During training, the following steps are performed:
1. The TPOST Processor accepts two files,
namely, (1) the document to be tagged,
and (2) the corresponding tags of the
words in the document.
2. The first input file goes through the Feature Extractor module, wherein each
word is checked if (1) it is a predefined
word, (2) if it has affixes, and (3) if it
starts with an uppercase letter. It then
gets the POS tag of the word from the
second input file, and stores the POS tag
together with the extracted word features
into a structure as shown below:
Word1 -> Word
-> TagCode
-> Features
Ex. mabait -> mabait
-> JJD
-> ~ma
3. The Rule-Checker and Generator then
populates the list of Generated Rules. It
loads one sentence at a time and stores
the structure of the sentence into the list
if it has not been encountered before,
otherwise, it increments the heuristic
value of that sentence structure.
There are 3 kinds of rules that may be
generated and checked:
1) Word_Feature Rule
<Feature_ID>, <Word_Feature>
kumakanta W30,@um$1
2.) Tag-Name Rule
<Tag_ID>,<Tag_Name>,(<Feature_
ID><Cnt>)+,(<Sentence_ID>)+
kumakanta T15,VBTR,W30,c1,S1
3.) Sentence-Template Rule
<Sentence_ID>,(Tag_ID)+,<Cnt>
Kumakanta
si
John.
S5,
TST15T20T14T10TE, 1
4. Output contains the database of templaterules generated by the system. It is used
by the tagging process in determining the
word being tagged plus the information
of the words surrounding it. The word
structure of the rule is shown below:
a. The target word’s feature list and tag
b. The previous words’ feature lists and
tags
c. The succeeding words’ feature lists
and tags
d. The heuristic value of this structure
The key to the training process is its concept of
storing only the word features, instead of storing
a huge database of rootwords. Word features
help group words with similar word structures so
that it would be more robust than novel words.
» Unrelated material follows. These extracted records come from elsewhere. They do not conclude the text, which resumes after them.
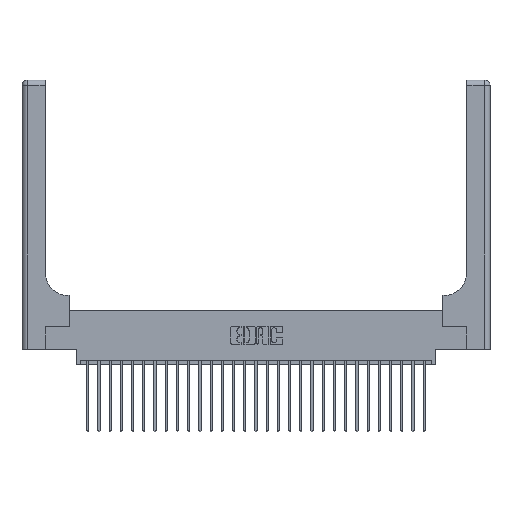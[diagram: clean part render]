
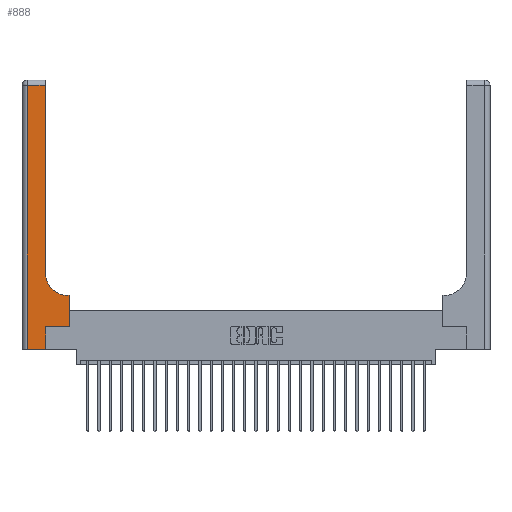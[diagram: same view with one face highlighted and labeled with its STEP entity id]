
A CAD part, top view. The second image highlights one B-rep face of the part: STEP entity #888.
In plain terms, the highlighted planar face has unit normal (0, 0, 1).
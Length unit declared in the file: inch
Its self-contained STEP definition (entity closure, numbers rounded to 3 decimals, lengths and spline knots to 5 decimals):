
#153 = VERTEX_POINT ( 'NONE', #22901 ) ;
#304 = ORIENTED_EDGE ( 'NONE', *, *, #1890, .T. ) ;
#462 = EDGE_CURVE ( 'NONE', #13043, #24673, #5542, .T. ) ;
#888 = ADVANCED_FACE ( 'NONE', ( #1240 ), #26783, .F. ) ;
#1072 = DIRECTION ( 'NONE',  ( 1., 0., 0. ) ) ;
#1105 = CARTESIAN_POINT ( 'NONE',  ( 0.06, 3., 0.37 ) ) ;
#1163 = DIRECTION ( 'NONE',  ( 0., -1., 0. ) ) ;
#1240 = FACE_OUTER_BOUND ( 'NONE', #10404, .T. ) ;
#1340 = CARTESIAN_POINT ( 'NONE',  ( 0., 0., 0.37 ) ) ;
#1574 = CARTESIAN_POINT ( 'NONE',  ( 0.265, 0., 0.37 ) ) ;
#1767 = DIRECTION ( 'NONE',  ( -1., 0., 0. ) ) ;
#1886 = CARTESIAN_POINT ( 'NONE',  ( 0.51, 0.6, 0.37 ) ) ;
#1890 = EDGE_CURVE ( 'NONE', #25692, #13043, #12190, .T. ) ;
#2164 = VERTEX_POINT ( 'NONE', #5379 ) ;
#2291 = ORIENTED_EDGE ( 'NONE', *, *, #21048, .T. ) ;
#3072 = LINE ( 'NONE', #1340, #13518 ) ;
#3472 = DIRECTION ( 'NONE',  ( 1., 0., 0. ) ) ;
#3660 = DIRECTION ( 'NONE',  ( 0., 0., -1. ) ) ;
#3968 = LINE ( 'NONE', #20348, #24917 ) ;
#4533 = EDGE_CURVE ( 'NONE', #2164, #153, #17727, .T. ) ;
#5031 = DIRECTION ( 'NONE',  ( 0., 1., 0. ) ) ;
#5379 = CARTESIAN_POINT ( 'NONE',  ( 0.528, 0.25, 0.37 ) ) ;
#5542 = LINE ( 'NONE', #1105, #16031 ) ;
#6342 = LINE ( 'NONE', #13199, #11892 ) ;
#6458 = CARTESIAN_POINT ( 'NONE',  ( 0.26, 2.94, 0.37 ) ) ;
#6555 = ORIENTED_EDGE ( 'NONE', *, *, #462, .T. ) ;
#8857 = CARTESIAN_POINT ( 'NONE',  ( 0., 2.94, 0.37 ) ) ;
#9169 = ORIENTED_EDGE ( 'NONE', *, *, #4533, .T. ) ;
#9257 = EDGE_CURVE ( 'NONE', #24673, #15988, #3072, .T. ) ;
#9822 = ORIENTED_EDGE ( 'NONE', *, *, #24852, .T. ) ;
#10404 = EDGE_LOOP ( 'NONE', ( #16382, #304, #6555, #17733, #2291, #24571, #9169, #25850, #9822 ) ) ;
#10405 = EDGE_CURVE ( 'NONE', #23471, #2164, #3968, .T. ) ;
#11447 = VECTOR ( 'NONE', #16030, 39.37008 ) ;
#11892 = VECTOR ( 'NONE', #25709, 39.37008 ) ;
#12190 = LINE ( 'NONE', #8857, #17822 ) ;
#12673 = VECTOR ( 'NONE', #21226, 39.37008 ) ;
#13043 = VERTEX_POINT ( 'NONE', #26234 ) ;
#13199 = CARTESIAN_POINT ( 'NONE',  ( 0.26, 3., 0.37 ) ) ;
#13518 = VECTOR ( 'NONE', #3472, 39.37008 ) ;
#13728 = LINE ( 'NONE', #21793, #19345 ) ;
#13807 = CIRCLE ( 'NONE', #21847, 0.25 ) ;
#13950 = CARTESIAN_POINT ( 'NONE',  ( 0.265, 0.25, 0.37 ) ) ;
#14302 = DIRECTION ( 'NONE',  ( 0., 0., -1. ) ) ;
#15376 = VERTEX_POINT ( 'NONE', #1886 ) ;
#15498 = EDGE_CURVE ( 'NONE', #153, #15376, #18269, .T. ) ;
#15587 = CARTESIAN_POINT ( 'NONE',  ( 0.06, 0., 0.37 ) ) ;
#15988 = VERTEX_POINT ( 'NONE', #1574 ) ;
#16030 = DIRECTION ( 'NONE',  ( 0., 1., 0. ) ) ;
#16031 = VECTOR ( 'NONE', #1163, 39.37008 ) ;
#16207 = CARTESIAN_POINT ( 'NONE',  ( 0.51, 0.85, 0.37 ) ) ;
#16382 = ORIENTED_EDGE ( 'NONE', *, *, #18227, .T. ) ;
#17112 = CARTESIAN_POINT ( 'NONE',  ( 0.26, 0.85, 0.37 ) ) ;
#17727 = LINE ( 'NONE', #22429, #11447 ) ;
#17733 = ORIENTED_EDGE ( 'NONE', *, *, #9257, .T. ) ;
#17822 = VECTOR ( 'NONE', #23514, 39.37008 ) ;
#18227 = EDGE_CURVE ( 'NONE', #26895, #25692, #6342, .T. ) ;
#18269 = LINE ( 'NONE', #25112, #12673 ) ;
#18323 = DIRECTION ( 'NONE',  ( 1., 0., 0. ) ) ;
#19345 = VECTOR ( 'NONE', #5031, 39.37008 ) ;
#20348 = CARTESIAN_POINT ( 'NONE',  ( 0.265, 0.25, 0.37 ) ) ;
#21048 = EDGE_CURVE ( 'NONE', #15988, #23471, #13728, .T. ) ;
#21149 = AXIS2_PLACEMENT_3D ( 'NONE', #22657, #14302, #1767 ) ;
#21226 = DIRECTION ( 'NONE',  ( -1., 0., 0. ) ) ;
#21793 = CARTESIAN_POINT ( 'NONE',  ( 0.265, 0., 0.37 ) ) ;
#21847 = AXIS2_PLACEMENT_3D ( 'NONE', #16207, #3660, #18323 ) ;
#22429 = CARTESIAN_POINT ( 'NONE',  ( 0.528, 0.25, 0.37 ) ) ;
#22657 = CARTESIAN_POINT ( 'NONE',  ( 0., 3., 0.37 ) ) ;
#22901 = CARTESIAN_POINT ( 'NONE',  ( 0.528, 0.6, 0.37 ) ) ;
#23471 = VERTEX_POINT ( 'NONE', #13950 ) ;
#23514 = DIRECTION ( 'NONE',  ( -1., 0., 0. ) ) ;
#24571 = ORIENTED_EDGE ( 'NONE', *, *, #10405, .T. ) ;
#24673 = VERTEX_POINT ( 'NONE', #15587 ) ;
#24852 = EDGE_CURVE ( 'NONE', #15376, #26895, #13807, .T. ) ;
#24917 = VECTOR ( 'NONE', #1072, 39.37008 ) ;
#25112 = CARTESIAN_POINT ( 'NONE',  ( 0.26, 0.6, 0.37 ) ) ;
#25692 = VERTEX_POINT ( 'NONE', #6458 ) ;
#25709 = DIRECTION ( 'NONE',  ( 0., 1., 0. ) ) ;
#25850 = ORIENTED_EDGE ( 'NONE', *, *, #15498, .T. ) ;
#26234 = CARTESIAN_POINT ( 'NONE',  ( 0.06, 2.94, 0.37 ) ) ;
#26783 = PLANE ( 'NONE',  #21149 ) ;
#26895 = VERTEX_POINT ( 'NONE', #17112 ) ;

Also, instead of storing words with their possible
tags, word features are categorized under the 59
tags, hence, increase in table elements is not very
large. Lastly, instead of storing the original training sentences, only sentence templates are being
stored. These sentence templates contain sequences of POS tags, hence generalizing sentences having the same POS sentence structure.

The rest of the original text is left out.